For instance, there is the woman who calls the thick yellow pigment streaked on her dark face "the new look" as she models her idea of fashion every day on the steps of the fountain at Union Station near the foot of Capitol Hill. People call her the "Tattoo Woman" and laugh, stare or just wonder. Few notice that her mouth -- painted with bright pink lipstick that melts into the creases of her chin in the heat of the day -- twists crazily when she talks or that the hollow eyes behind her dark glasses are full of sadness. The "Tattoo Woman" is Ann, a 39-year-old former employee of the Government Printing Office, who has sisters and brothers in the district and a mother with a heart condition. But passersby only see her tiger-striped skin, her red turban, her pathetic bags.
Then there is the scraggly preacher. He prefers to be known as "Bosco Pinko" or even "Speed" from his days as a meat packer in Columbia, Mo. He says he plans to run for president in 2000. Current campaign headquarters? Lafayette Park, on Pennsylvania Avenue across from the White House. His platform? If elected, he declares, he will have 20 million people reading the Bible. Even now he stops passersby with unfathomable questions: "If you're so smart, tell me what it means to pray without ceasing. You think you're so high class: Look at you, you're cleaner than Jesus -- Jesus didn't have shampoo." Park police say he arrived in early June. By now they have heard his sermons "way too many times" and lament about how badly he needs a shower.
On the streets a few blocks away from the U.S. Capitol a less innocuous wanderer pauses by a bronze statue. He is young, blond and has rotting teeth. American flags are visible through the grime on his T-shirt and cap. He looks like a derelict patriot. Far from it, he says, introducing himself as Mike Fisher.

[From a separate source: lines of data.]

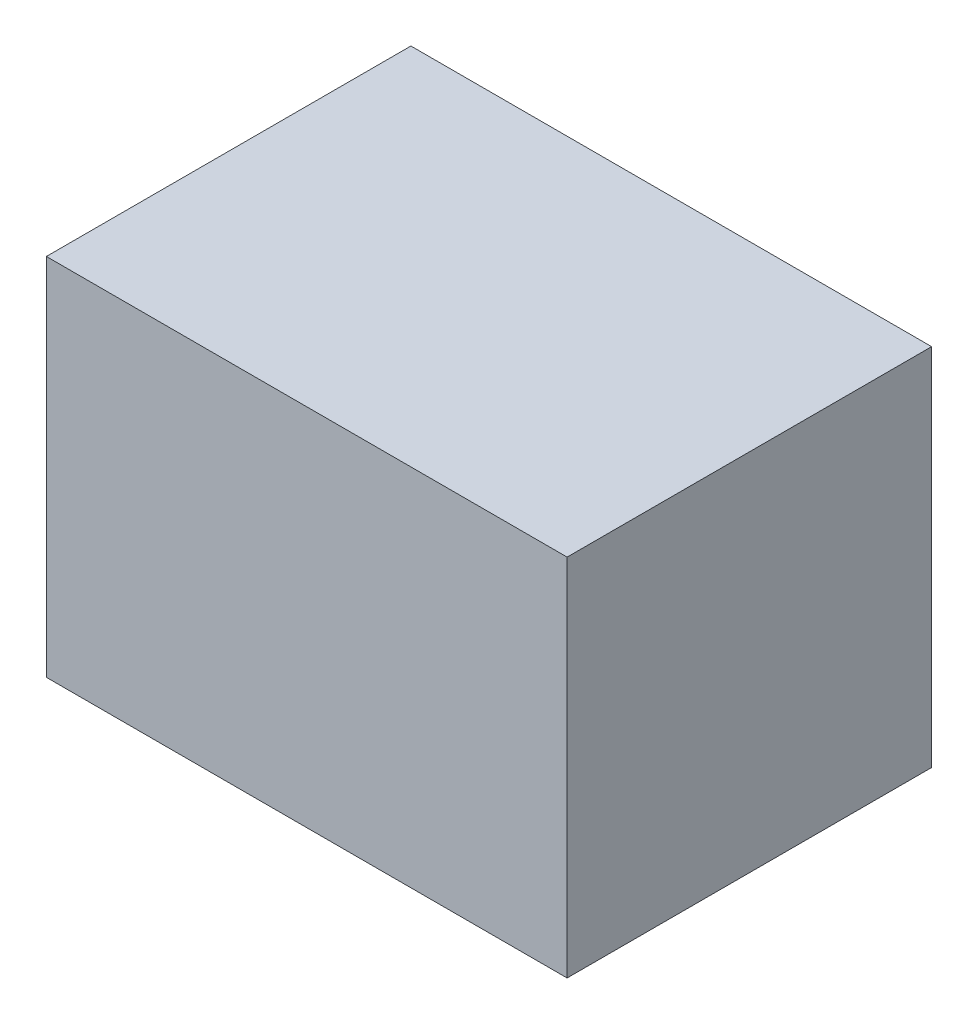
ISO-10303-21;
HEADER;
FILE_DESCRIPTION(('STEP AP214'),'2;1');
FILE_NAME('part.step','',(''),(''),'','','');
FILE_SCHEMA(('AUTOMOTIVE_DESIGN { 1 0 10303 214 1 1 1 1 }'));
ENDSEC;
DATA;
#1=APPLICATION_CONTEXT('core data for automotive mechanical design processes');
#2=APPLICATION_PROTOCOL_DEFINITION('international standard','automotive_design',2000,#1);
#3=PRODUCT_CONTEXT('',#1,'mechanical');
#4=PRODUCT('Part','Part','',(#3));
#5=PRODUCT_RELATED_PRODUCT_CATEGORY('part','',(#4));
#6=PRODUCT_DEFINITION_FORMATION('','',#4);
#7=PRODUCT_DEFINITION_CONTEXT('part definition',#1,'design');
#8=PRODUCT_DEFINITION('design','',#6,#7);
#9=PRODUCT_DEFINITION_SHAPE('','',#8);
#10=(LENGTH_UNIT() NAMED_UNIT(*) SI_UNIT(.MILLI.,.METRE.));
#11=(NAMED_UNIT(*) PLANE_ANGLE_UNIT() SI_UNIT($,.RADIAN.));
#12=(NAMED_UNIT(*) SI_UNIT($,.STERADIAN.) SOLID_ANGLE_UNIT());
#13=UNCERTAINTY_MEASURE_WITH_UNIT(LENGTH_MEASURE(1.E-05),#10,'distance_accuracy_value','');
#14=(GEOMETRIC_REPRESENTATION_CONTEXT(3) GLOBAL_UNCERTAINTY_ASSIGNED_CONTEXT((#13)) GLOBAL_UNIT_ASSIGNED_CONTEXT((#10,
#11,#12)) REPRESENTATION_CONTEXT('',''));
#15=CARTESIAN_POINT('',(0.,0.,0.));
#16=DIRECTION('',(0.,0.,1.));
#17=DIRECTION('',(1.,0.,0.));
#18=AXIS2_PLACEMENT_3D('',#15,#16,#17);
#19=CARTESIAN_POINT('',(-20.32,0.,0.));
#20=DIRECTION('',(0.,1.,0.));
#21=DIRECTION('',(1.,0.,0.));
#22=AXIS2_PLACEMENT_3D('',#19,#20,#21);
#23=PLANE('',#22);
#24=DIRECTION('',(0.,0.,1.));
#25=VECTOR('',#24,1.);
#26=CARTESIAN_POINT('',(-5.33,0.,0.749999999999982));
#27=LINE('',#26,#25);
#28=CARTESIAN_POINT('',(-5.33,0.,0.749999999999982));
#29=VERTEX_POINT('',#28);
#30=CARTESIAN_POINT('',(-5.33,0.,1.1));
#31=VERTEX_POINT('',#30);
#32=EDGE_CURVE('E92',#29,#31,#27,.T.);
#33=ORIENTED_EDGE('',*,*,#32,.T.);
#34=DIRECTION('',(1.,0.,0.));
#35=VECTOR('',#34,1.);
#36=CARTESIAN_POINT('',(-5.33,0.,1.1));
#37=LINE('',#36,#35);
#38=CARTESIAN_POINT('',(-4.83,0.,1.1));
#39=VERTEX_POINT('',#38);
#40=EDGE_CURVE('E27',#31,#39,#37,.T.);
#41=ORIENTED_EDGE('',*,*,#40,.T.);
#42=DIRECTION('',(0.,0.,1.));
#43=VECTOR('',#42,1.);
#44=CARTESIAN_POINT('',(-4.83,0.,0.749999999999982));
#45=LINE('',#44,#43);
#46=CARTESIAN_POINT('',(-4.83,0.,0.749999999999982));
#47=VERTEX_POINT('',#46);
#48=EDGE_CURVE('E100',#47,#39,#45,.T.);
#49=ORIENTED_EDGE('',*,*,#48,.F.);
#50=DIRECTION('',(1.,0.,0.));
#51=VECTOR('',#50,1.);
#52=CARTESIAN_POINT('',(-5.33,0.,0.749999999999982));
#53=LINE('',#52,#51);
#54=EDGE_CURVE('E81',#29,#47,#53,.T.);
#55=ORIENTED_EDGE('',*,*,#54,.F.);
#56=EDGE_LOOP('',(#33,#41,#49,#55));
#57=FACE_BOUND('',#56,.T.);
#58=ADVANCED_FACE('F17',(#57),#23,.T.);
#59=CARTESIAN_POINT('',(-20.32,-0.35,0.));
#60=DIRECTION('',(0.,1.,0.));
#61=DIRECTION('',(1.,0.,0.));
#62=AXIS2_PLACEMENT_3D('',#59,#60,#61);
#63=PLANE('',#62);
#64=DIRECTION('',(0.,0.,1.));
#65=VECTOR('',#64,1.);
#66=CARTESIAN_POINT('',(-5.33,-0.35,0.749999999999982));
#67=LINE('',#66,#65);
#68=CARTESIAN_POINT('',(-5.33,-0.35,0.749999999999982));
#69=VERTEX_POINT('',#68);
#70=CARTESIAN_POINT('',(-5.33,-0.35,1.1));
#71=VERTEX_POINT('',#70);
#72=EDGE_CURVE('E70',#69,#71,#67,.T.);
#73=ORIENTED_EDGE('',*,*,#72,.F.);
#74=DIRECTION('',(1.,0.,0.));
#75=VECTOR('',#74,1.);
#76=CARTESIAN_POINT('',(-5.33,-0.35,0.749999999999982));
#77=LINE('',#76,#75);
#78=CARTESIAN_POINT('',(-4.83,-0.35,0.749999999999982));
#79=VERTEX_POINT('',#78);
#80=EDGE_CURVE('E108',#69,#79,#77,.T.);
#81=ORIENTED_EDGE('',*,*,#80,.T.);
#82=DIRECTION('',(0.,0.,1.));
#83=VECTOR('',#82,1.);
#84=CARTESIAN_POINT('',(-4.83,-0.35,0.749999999999982));
#85=LINE('',#84,#83);
#86=CARTESIAN_POINT('',(-4.83,-0.35,1.1));
#87=VERTEX_POINT('',#86);
#88=EDGE_CURVE('E73',#79,#87,#85,.T.);
#89=ORIENTED_EDGE('',*,*,#88,.T.);
#90=DIRECTION('',(1.,0.,0.));
#91=VECTOR('',#90,1.);
#92=CARTESIAN_POINT('',(-5.33,-0.35,1.1));
#93=LINE('',#92,#91);
#94=EDGE_CURVE('E11',#71,#87,#93,.T.);
#95=ORIENTED_EDGE('',*,*,#94,.F.);
#96=EDGE_LOOP('',(#73,#81,#89,#95));
#97=FACE_BOUND('',#96,.T.);
#98=ADVANCED_FACE('F67',(#97),#63,.F.);
#99=CARTESIAN_POINT('',(-5.33,-0.35,1.1));
#100=DIRECTION('',(0.,0.,1.));
#101=DIRECTION('',(1.,0.,0.));
#102=AXIS2_PLACEMENT_3D('',#99,#100,#101);
#103=PLANE('',#102);
#104=ORIENTED_EDGE('',*,*,#40,.F.);
#105=DIRECTION('',(0.,1.,0.));
#106=VECTOR('',#105,1.);
#107=CARTESIAN_POINT('',(-5.33,-0.35,1.1));
#108=LINE('',#107,#106);
#109=EDGE_CURVE('E20',#71,#31,#108,.T.);
#110=ORIENTED_EDGE('',*,*,#109,.F.);
#111=ORIENTED_EDGE('',*,*,#94,.T.);
#112=DIRECTION('',(0.,1.,0.));
#113=VECTOR('',#112,1.);
#114=CARTESIAN_POINT('',(-4.83,-0.35,1.1));
#115=LINE('',#114,#113);
#116=EDGE_CURVE('E115',#87,#39,#115,.T.);
#117=ORIENTED_EDGE('',*,*,#116,.T.);
#118=EDGE_LOOP('',(#104,#110,#111,#117));
#119=FACE_BOUND('',#118,.T.);
#120=ADVANCED_FACE('F76',(#119),#103,.T.);
#121=CARTESIAN_POINT('',(-4.83,-0.35,0.749999999999982));
#122=DIRECTION('',(-1.,0.,0.));
#123=DIRECTION('',(0.,0.,1.));
#124=AXIS2_PLACEMENT_3D('',#121,#122,#123);
#125=PLANE('',#124);
#126=ORIENTED_EDGE('',*,*,#48,.T.);
#127=ORIENTED_EDGE('',*,*,#116,.F.);
#128=ORIENTED_EDGE('',*,*,#88,.F.);
#129=DIRECTION('',(0.,1.,0.));
#130=VECTOR('',#129,1.);
#131=CARTESIAN_POINT('',(-4.83,-0.35,0.749999999999982));
#132=LINE('',#131,#130);
#133=EDGE_CURVE('E105',#79,#47,#132,.T.);
#134=ORIENTED_EDGE('',*,*,#133,.T.);
#135=EDGE_LOOP('',(#126,#127,#128,#134));
#136=FACE_BOUND('',#135,.T.);
#137=ADVANCED_FACE('F162',(#136),#125,.F.);
#138=CARTESIAN_POINT('',(-5.33,-0.35,0.749999999999982));
#139=DIRECTION('',(0.,0.,1.));
#140=DIRECTION('',(1.,0.,0.));
#141=AXIS2_PLACEMENT_3D('',#138,#139,#140);
#142=PLANE('',#141);
#143=ORIENTED_EDGE('',*,*,#54,.T.);
#144=ORIENTED_EDGE('',*,*,#133,.F.);
#145=ORIENTED_EDGE('',*,*,#80,.F.);
#146=DIRECTION('',(0.,1.,0.));
#147=VECTOR('',#146,1.);
#148=CARTESIAN_POINT('',(-5.33,-0.35,0.749999999999982));
#149=LINE('',#148,#147);
#150=EDGE_CURVE('E84',#69,#29,#149,.T.);
#151=ORIENTED_EDGE('',*,*,#150,.T.);
#152=EDGE_LOOP('',(#143,#144,#145,#151));
#153=FACE_BOUND('',#152,.T.);
#154=ADVANCED_FACE('F107',(#153),#142,.F.);
#155=CARTESIAN_POINT('',(-5.33,-0.35,0.749999999999982));
#156=DIRECTION('',(-1.,0.,0.));
#157=DIRECTION('',(0.,0.,1.));
#158=AXIS2_PLACEMENT_3D('',#155,#156,#157);
#159=PLANE('',#158);
#160=ORIENTED_EDGE('',*,*,#32,.F.);
#161=ORIENTED_EDGE('',*,*,#150,.F.);
#162=ORIENTED_EDGE('',*,*,#72,.T.);
#163=ORIENTED_EDGE('',*,*,#109,.T.);
#164=EDGE_LOOP('',(#160,#161,#162,#163));
#165=FACE_BOUND('',#164,.T.);
#166=ADVANCED_FACE('F82',(#165),#159,.T.);
#167=CLOSED_SHELL('',(#58,#98,#120,#137,#154,#166));
#168=MANIFOLD_SOLID_BREP('B1',#167);
#169=ADVANCED_BREP_SHAPE_REPRESENTATION('',(#18,#168),#14);
#170=SHAPE_DEFINITION_REPRESENTATION(#9,#169);
ENDSEC;
END-ISO-10303-21;

Fisher believes he is being held hostage in Washington, where he arrived about five months ago hoping to get work. As a captive, he explains, he "legally" could shoot to kill anyone at any time. Not that he would, mind you.
His story began five years ago, when he thinks the government at an Army intelligence base in Charlottesville, Va., poisoned him. He has gone to the FBI, to the White House, to the state of Virginia, to the Secret Service. He is sure they all are in on a conspiracy against him, because for five years they have told him nothing.
He figures he's a human guinea pig for American technical experiments similar to Japanese efforts to control cockroaches with high-tech electrodes. Tapping the base of his skull and his tailbone, where he believes chips were implanted, he shakes his head. "That's the way I got it figured. I can feel a contusion about that long" he gestures, "on the base of my spinal cord. It sounds stupid, but it's not. It's like living in a nightmare."